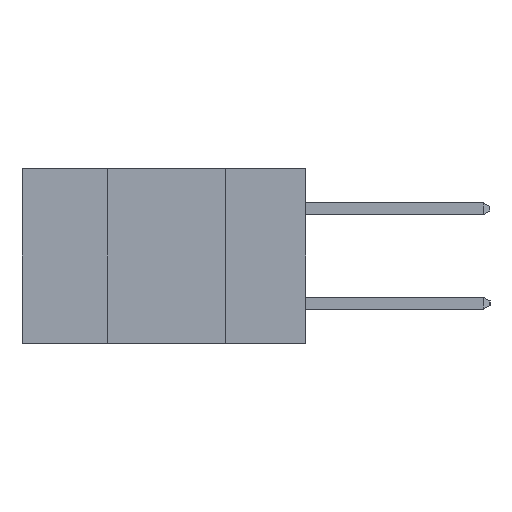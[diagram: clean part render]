
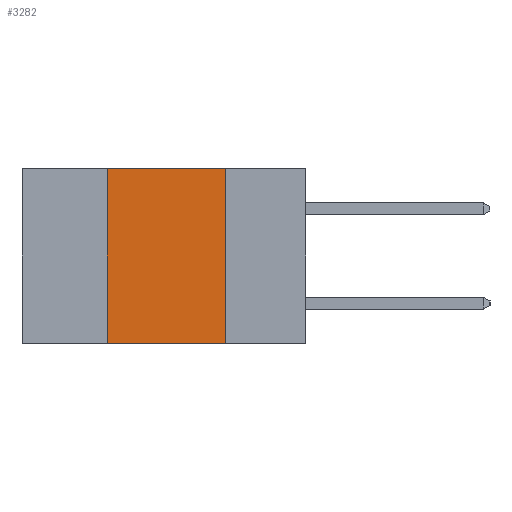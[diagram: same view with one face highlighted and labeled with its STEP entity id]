
A CAD part, left-side view. The second image highlights one B-rep face of the part: STEP entity #3282.
In plain terms, the highlighted planar face has unit normal (-1, 0, 0).
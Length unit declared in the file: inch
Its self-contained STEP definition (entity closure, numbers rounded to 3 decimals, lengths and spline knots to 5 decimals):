
#298 = ORIENTED_EDGE ( 'NONE', *, *, #2396, .F. ) ;
#637 = VECTOR ( 'NONE', #4532, 39.37008 ) ;
#1121 = EDGE_CURVE ( 'NONE', #7202, #2722, #2273, .T. ) ;
#1159 = CARTESIAN_POINT ( 'NONE',  ( 0., 0.17, -0.37 ) ) ;
#1576 = VECTOR ( 'NONE', #7661, 39.37008 ) ;
#2099 = VECTOR ( 'NONE', #10102, 39.37008 ) ;
#2273 = LINE ( 'NONE', #14198, #14308 ) ;
#2396 = EDGE_CURVE ( 'NONE', #7202, #7649, #6863, .T. ) ;
#2489 = LINE ( 'NONE', #10228, #2099 ) ;
#2722 = VERTEX_POINT ( 'NONE', #1159 ) ;
#3282 = ADVANCED_FACE ( 'NONE', ( #7211 ), #3814, .F. ) ;
#3634 = DIRECTION ( 'NONE',  ( 0., 0., -1. ) ) ;
#3711 = CARTESIAN_POINT ( 'NONE',  ( 0., 0.42, -0.37 ) ) ;
#3814 = PLANE ( 'NONE',  #6305 ) ;
#3976 = DIRECTION ( 'NONE',  ( 1., 0., 0. ) ) ;
#4284 = CARTESIAN_POINT ( 'NONE',  ( 0., 0.6, 0. ) ) ;
#4310 = CARTESIAN_POINT ( 'NONE',  ( 0., 0.42, -0.37 ) ) ;
#4532 = DIRECTION ( 'NONE',  ( 0., 0., 1. ) ) ;
#5822 = ORIENTED_EDGE ( 'NONE', *, *, #6621, .F. ) ;
#6305 = AXIS2_PLACEMENT_3D ( 'NONE', #4284, #3976, #3634 ) ;
#6621 = EDGE_CURVE ( 'NONE', #7649, #12077, #2489, .T. ) ;
#6646 = EDGE_LOOP ( 'NONE', ( #14649, #5822, #298, #9683 ) ) ;
#6863 = LINE ( 'NONE', #4310, #637 ) ;
#7202 = VERTEX_POINT ( 'NONE', #3711 ) ;
#7211 = FACE_OUTER_BOUND ( 'NONE', #6646, .T. ) ;
#7649 = VERTEX_POINT ( 'NONE', #10098 ) ;
#7661 = DIRECTION ( 'NONE',  ( 0., 0., -1. ) ) ;
#7748 = CARTESIAN_POINT ( 'NONE',  ( 0., 0.17, -0.37 ) ) ;
#7851 = CARTESIAN_POINT ( 'NONE',  ( 0., 0.17, 0. ) ) ;
#9683 = ORIENTED_EDGE ( 'NONE', *, *, #1121, .T. ) ;
#10098 = CARTESIAN_POINT ( 'NONE',  ( 0., 0.42, 0. ) ) ;
#10102 = DIRECTION ( 'NONE',  ( 0., -1., 0. ) ) ;
#10228 = CARTESIAN_POINT ( 'NONE',  ( 0., 0.6, 0. ) ) ;
#12077 = VERTEX_POINT ( 'NONE', #7851 ) ;
#12095 = EDGE_CURVE ( 'NONE', #12077, #2722, #13980, .T. ) ;
#13980 = LINE ( 'NONE', #7748, #1576 ) ;
#14198 = CARTESIAN_POINT ( 'NONE',  ( 0., 0.6, -0.37 ) ) ;
#14308 = VECTOR ( 'NONE', #14983, 39.37008 ) ;
#14649 = ORIENTED_EDGE ( 'NONE', *, *, #12095, .F. ) ;
#14983 = DIRECTION ( 'NONE',  ( 0., -1., 0. ) ) ;
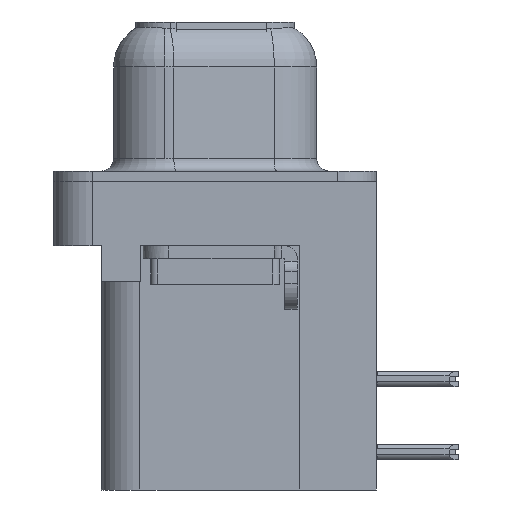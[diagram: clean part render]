
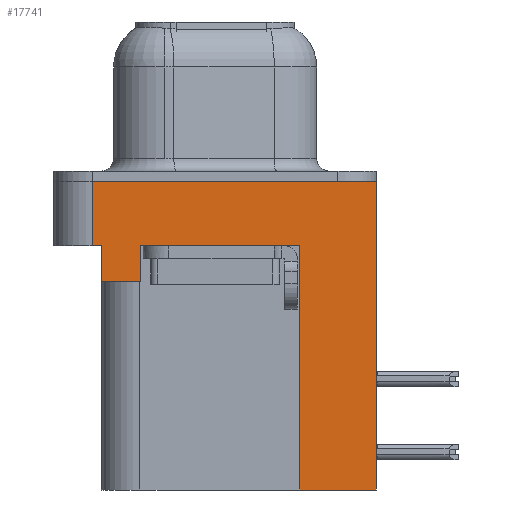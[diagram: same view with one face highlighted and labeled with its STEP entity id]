
A CAD part, left-side view. The second image highlights one B-rep face of the part: STEP entity #17741.
In plain terms, the highlighted planar face has unit normal (-1, 0, 0).
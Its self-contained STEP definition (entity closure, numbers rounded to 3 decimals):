
#163 = CARTESIAN_POINT ( 'NONE',  ( -2.935, 2.895, -2.5 ) ) ;
#231 = LINE ( 'NONE', #9095, #14035 ) ;
#261 = ORIENTED_EDGE ( 'NONE', *, *, #1286, .T. ) ;
#432 = EDGE_CURVE ( 'NONE', #10324, #10980, #8036, .T. ) ;
#763 = ORIENTED_EDGE ( 'NONE', *, *, #5312, .T. ) ;
#1286 = EDGE_CURVE ( 'NONE', #17852, #18541, #2996, .T. ) ;
#1694 = DIRECTION ( 'NONE',  ( 0., 0., 1. ) ) ;
#2229 = VERTEX_POINT ( 'NONE', #19236 ) ;
#2568 = CARTESIAN_POINT ( 'NONE',  ( -2.935, 4.775, 0. ) ) ;
#2828 = VERTEX_POINT ( 'NONE', #18016 ) ;
#2996 = LINE ( 'NONE', #22229, #3010 ) ;
#3010 = VECTOR ( 'NONE', #22239, 1000. ) ;
#3495 = VERTEX_POINT ( 'NONE', #21514 ) ;
#3610 = DIRECTION ( 'NONE',  ( -1., 0., 0. ) ) ;
#4358 = DIRECTION ( 'NONE',  ( 0., -1., 0. ) ) ;
#4513 = LINE ( 'NONE', #17504, #10113 ) ;
#4876 = AXIS2_PLACEMENT_3D ( 'NONE', #16547, #3610, #16730 ) ;
#5000 = EDGE_LOOP ( 'NONE', ( #15739, #18843, #763, #9911, #19225, #8807, #261, #12302, #21133, #6535 ) ) ;
#5312 = EDGE_CURVE ( 'NONE', #10324, #12337, #13228, .T. ) ;
#5410 = CARTESIAN_POINT ( 'NONE',  ( -2.935, -6.275, -2.5 ) ) ;
#5756 = VECTOR ( 'NONE', #21363, 1000. ) ;
#6535 = ORIENTED_EDGE ( 'NONE', *, *, #13072, .T. ) ;
#6683 = LINE ( 'NONE', #18151, #21094 ) ;
#6767 = EDGE_CURVE ( 'NONE', #2229, #18541, #6683, .T. ) ;
#7385 = DIRECTION ( 'NONE',  ( 0., 0., 1. ) ) ;
#7464 = EDGE_CURVE ( 'NONE', #3495, #17852, #231, .T. ) ;
#7546 = LINE ( 'NONE', #22319, #17612 ) ;
#8036 = LINE ( 'NONE', #9586, #8086 ) ;
#8086 = VECTOR ( 'NONE', #19851, 1000. ) ;
#8174 = VECTOR ( 'NONE', #20206, 1000. ) ;
#8223 = DIRECTION ( 'NONE',  ( 0., 1., 0. ) ) ;
#8707 = DIRECTION ( 'NONE',  ( 0., 0., 1. ) ) ;
#8730 = CARTESIAN_POINT ( 'NONE',  ( -2.935, 4.425, -2.5 ) ) ;
#8807 = ORIENTED_EDGE ( 'NONE', *, *, #7464, .T. ) ;
#8873 = VECTOR ( 'NONE', #8223, 1000. ) ;
#9095 = CARTESIAN_POINT ( 'NONE',  ( -2.935, 2.895, -3.9 ) ) ;
#9278 = VERTEX_POINT ( 'NONE', #24228 ) ;
#9586 = CARTESIAN_POINT ( 'NONE',  ( -2.935, 4.775, -2.5 ) ) ;
#9749 = EDGE_CURVE ( 'NONE', #9278, #12337, #7546, .T. ) ;
#9817 = FACE_OUTER_BOUND ( 'NONE', #5000, .T. ) ;
#9911 = ORIENTED_EDGE ( 'NONE', *, *, #9749, .F. ) ;
#10113 = VECTOR ( 'NONE', #4358, 1000. ) ;
#10130 = CARTESIAN_POINT ( 'NONE',  ( -2.935, 4.425, -3.9 ) ) ;
#10163 = VECTOR ( 'NONE', #1694, 1000. ) ;
#10165 = CARTESIAN_POINT ( 'NONE',  ( -2.935, -3.295, -12. ) ) ;
#10324 = VERTEX_POINT ( 'NONE', #19173 ) ;
#10980 = VERTEX_POINT ( 'NONE', #2568 ) ;
#11963 = LINE ( 'NONE', #10130, #5756 ) ;
#12302 = ORIENTED_EDGE ( 'NONE', *, *, #6767, .F. ) ;
#12337 = VERTEX_POINT ( 'NONE', #8730 ) ;
#12963 = CARTESIAN_POINT ( 'NONE',  ( -2.935, -6.275, -12. ) ) ;
#13072 = EDGE_CURVE ( 'NONE', #18343, #2828, #20147, .T. ) ;
#13228 = LINE ( 'NONE', #5410, #8174 ) ;
#13880 = LINE ( 'NONE', #10165, #8873 ) ;
#14035 = VECTOR ( 'NONE', #8707, 1000. ) ;
#14819 = PLANE ( 'NONE',  #4876 ) ;
#15739 = ORIENTED_EDGE ( 'NONE', *, *, #17984, .F. ) ;
#16547 = CARTESIAN_POINT ( 'NONE',  ( -2.935, -6.275, -2.5 ) ) ;
#16730 = DIRECTION ( 'NONE',  ( 0., 0., 1. ) ) ;
#17504 = CARTESIAN_POINT ( 'NONE',  ( -2.935, -6.275, 0. ) ) ;
#17612 = VECTOR ( 'NONE', #7385, 1000. ) ;
#17651 = CARTESIAN_POINT ( 'NONE',  ( -2.935, -3.295, -2.5 ) ) ;
#17741 = ADVANCED_FACE ( 'NONE', ( #9817 ), #14819, .T. ) ;
#17852 = VERTEX_POINT ( 'NONE', #163 ) ;
#17984 = EDGE_CURVE ( 'NONE', #10980, #2828, #4513, .T. ) ;
#18016 = CARTESIAN_POINT ( 'NONE',  ( -2.935, -6.275, 0. ) ) ;
#18151 = CARTESIAN_POINT ( 'NONE',  ( -2.935, -3.295, -12. ) ) ;
#18343 = VERTEX_POINT ( 'NONE', #12963 ) ;
#18406 = DIRECTION ( 'NONE',  ( 0., 0., 1. ) ) ;
#18541 = VERTEX_POINT ( 'NONE', #17651 ) ;
#18547 = EDGE_CURVE ( 'NONE', #18343, #2229, #13880, .T. ) ;
#18843 = ORIENTED_EDGE ( 'NONE', *, *, #432, .F. ) ;
#19173 = CARTESIAN_POINT ( 'NONE',  ( -2.935, 4.775, -2.5 ) ) ;
#19225 = ORIENTED_EDGE ( 'NONE', *, *, #23331, .F. ) ;
#19236 = CARTESIAN_POINT ( 'NONE',  ( -2.935, -3.295, -12. ) ) ;
#19851 = DIRECTION ( 'NONE',  ( 0., 0., 1. ) ) ;
#20147 = LINE ( 'NONE', #24117, #10163 ) ;
#20206 = DIRECTION ( 'NONE',  ( 0., -1., 0. ) ) ;
#21094 = VECTOR ( 'NONE', #18406, 1000. ) ;
#21133 = ORIENTED_EDGE ( 'NONE', *, *, #18547, .F. ) ;
#21363 = DIRECTION ( 'NONE',  ( 0., 1., 0. ) ) ;
#21514 = CARTESIAN_POINT ( 'NONE',  ( -2.935, 2.895, -3.9 ) ) ;
#22229 = CARTESIAN_POINT ( 'NONE',  ( -2.935, -6.275, -2.5 ) ) ;
#22239 = DIRECTION ( 'NONE',  ( 0., -1., 0. ) ) ;
#22319 = CARTESIAN_POINT ( 'NONE',  ( -2.935, 4.425, -3.9 ) ) ;
#23331 = EDGE_CURVE ( 'NONE', #3495, #9278, #11963, .T. ) ;
#24117 = CARTESIAN_POINT ( 'NONE',  ( -2.935, -6.275, -2.5 ) ) ;
#24228 = CARTESIAN_POINT ( 'NONE',  ( -2.935, 4.425, -3.9 ) ) ;
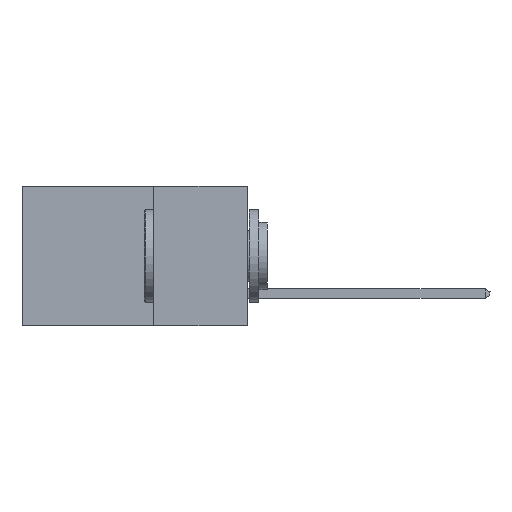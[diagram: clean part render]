
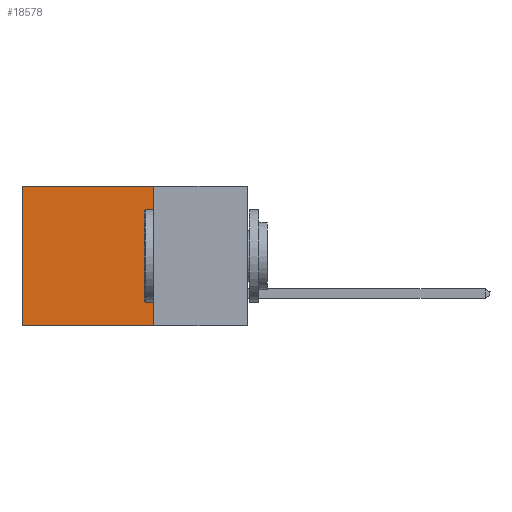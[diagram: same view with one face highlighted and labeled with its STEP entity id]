
A CAD part, left-side view. The second image highlights one B-rep face of the part: STEP entity #18578.
In plain terms, the highlighted planar face has unit normal (-1, 0, 0).
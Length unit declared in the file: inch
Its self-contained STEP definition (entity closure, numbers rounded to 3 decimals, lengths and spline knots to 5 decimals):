
#342 = CARTESIAN_POINT ( 'NONE',  ( 0.2615, 0.25, -0.37 ) ) ;
#1912 = EDGE_CURVE ( 'NONE', #8050, #12341, #8407, .T. ) ;
#1916 = CARTESIAN_POINT ( 'NONE',  ( 0.2615, 0.6, -0.37 ) ) ;
#1984 = AXIS2_PLACEMENT_3D ( 'NONE', #22642, #5043, #4021 ) ;
#3241 = ORIENTED_EDGE ( 'NONE', *, *, #7527, .T. ) ;
#3394 = ORIENTED_EDGE ( 'NONE', *, *, #18965, .T. ) ;
#3678 = DIRECTION ( 'NONE',  ( 0., 1., 0. ) ) ;
#3740 = LINE ( 'NONE', #1916, #4020 ) ;
#4020 = VECTOR ( 'NONE', #9235, 39.37008 ) ;
#4021 = DIRECTION ( 'NONE',  ( 0., 0., -1. ) ) ;
#4204 = DIRECTION ( 'NONE',  ( 0., 0., -1. ) ) ;
#5043 = DIRECTION ( 'NONE',  ( 1., 0., 0. ) ) ;
#5959 = CARTESIAN_POINT ( 'NONE',  ( 0.2615, 0.25, -0.37 ) ) ;
#6627 = EDGE_LOOP ( 'NONE', ( #3241, #8615, #9941, #3394 ) ) ;
#6721 = VERTEX_POINT ( 'NONE', #11776 ) ;
#6971 = FACE_OUTER_BOUND ( 'NONE', #6627, .T. ) ;
#7527 = EDGE_CURVE ( 'NONE', #13667, #6721, #3740, .T. ) ;
#7685 = LINE ( 'NONE', #11655, #13853 ) ;
#8050 = VERTEX_POINT ( 'NONE', #15010 ) ;
#8407 = LINE ( 'NONE', #342, #11748 ) ;
#8615 = ORIENTED_EDGE ( 'NONE', *, *, #21143, .F. ) ;
#9235 = DIRECTION ( 'NONE',  ( 0., 0., -1. ) ) ;
#9353 = DIRECTION ( 'NONE',  ( 0., 1., 0. ) ) ;
#9941 = ORIENTED_EDGE ( 'NONE', *, *, #1912, .F. ) ;
#11385 = CARTESIAN_POINT ( 'NONE',  ( 0.2615, 0.25, -0.37 ) ) ;
#11655 = CARTESIAN_POINT ( 'NONE',  ( 0.2615, 0.25, 0. ) ) ;
#11748 = VECTOR ( 'NONE', #4204, 39.37008 ) ;
#11776 = CARTESIAN_POINT ( 'NONE',  ( 0.2615, 0.6, -0.37 ) ) ;
#12341 = VERTEX_POINT ( 'NONE', #11385 ) ;
#13667 = VERTEX_POINT ( 'NONE', #24443 ) ;
#13853 = VECTOR ( 'NONE', #9353, 39.37008 ) ;
#14761 = VECTOR ( 'NONE', #3678, 39.37008 ) ;
#14816 = PLANE ( 'NONE',  #1984 ) ;
#15010 = CARTESIAN_POINT ( 'NONE',  ( 0.2615, 0.25, 0. ) ) ;
#18578 = ADVANCED_FACE ( 'NONE', ( #6971 ), #14816, .F. ) ;
#18965 = EDGE_CURVE ( 'NONE', #8050, #13667, #7685, .T. ) ;
#19220 = LINE ( 'NONE', #5959, #14761 ) ;
#21143 = EDGE_CURVE ( 'NONE', #12341, #6721, #19220, .T. ) ;
#22642 = CARTESIAN_POINT ( 'NONE',  ( 0.2615, 0.25, -0.37 ) ) ;
#24443 = CARTESIAN_POINT ( 'NONE',  ( 0.2615, 0.6, 0. ) ) ;
____
• Work request
Look through the listing and return each line containing the word "PLANE".

• Written answer
#3814 = PLANE ( 'NONE',  #6305 ) ;
#14819 = PLANE ( 'NONE',  #4876 ) ;
#14816 = PLANE ( 'NONE',  #1984 ) ;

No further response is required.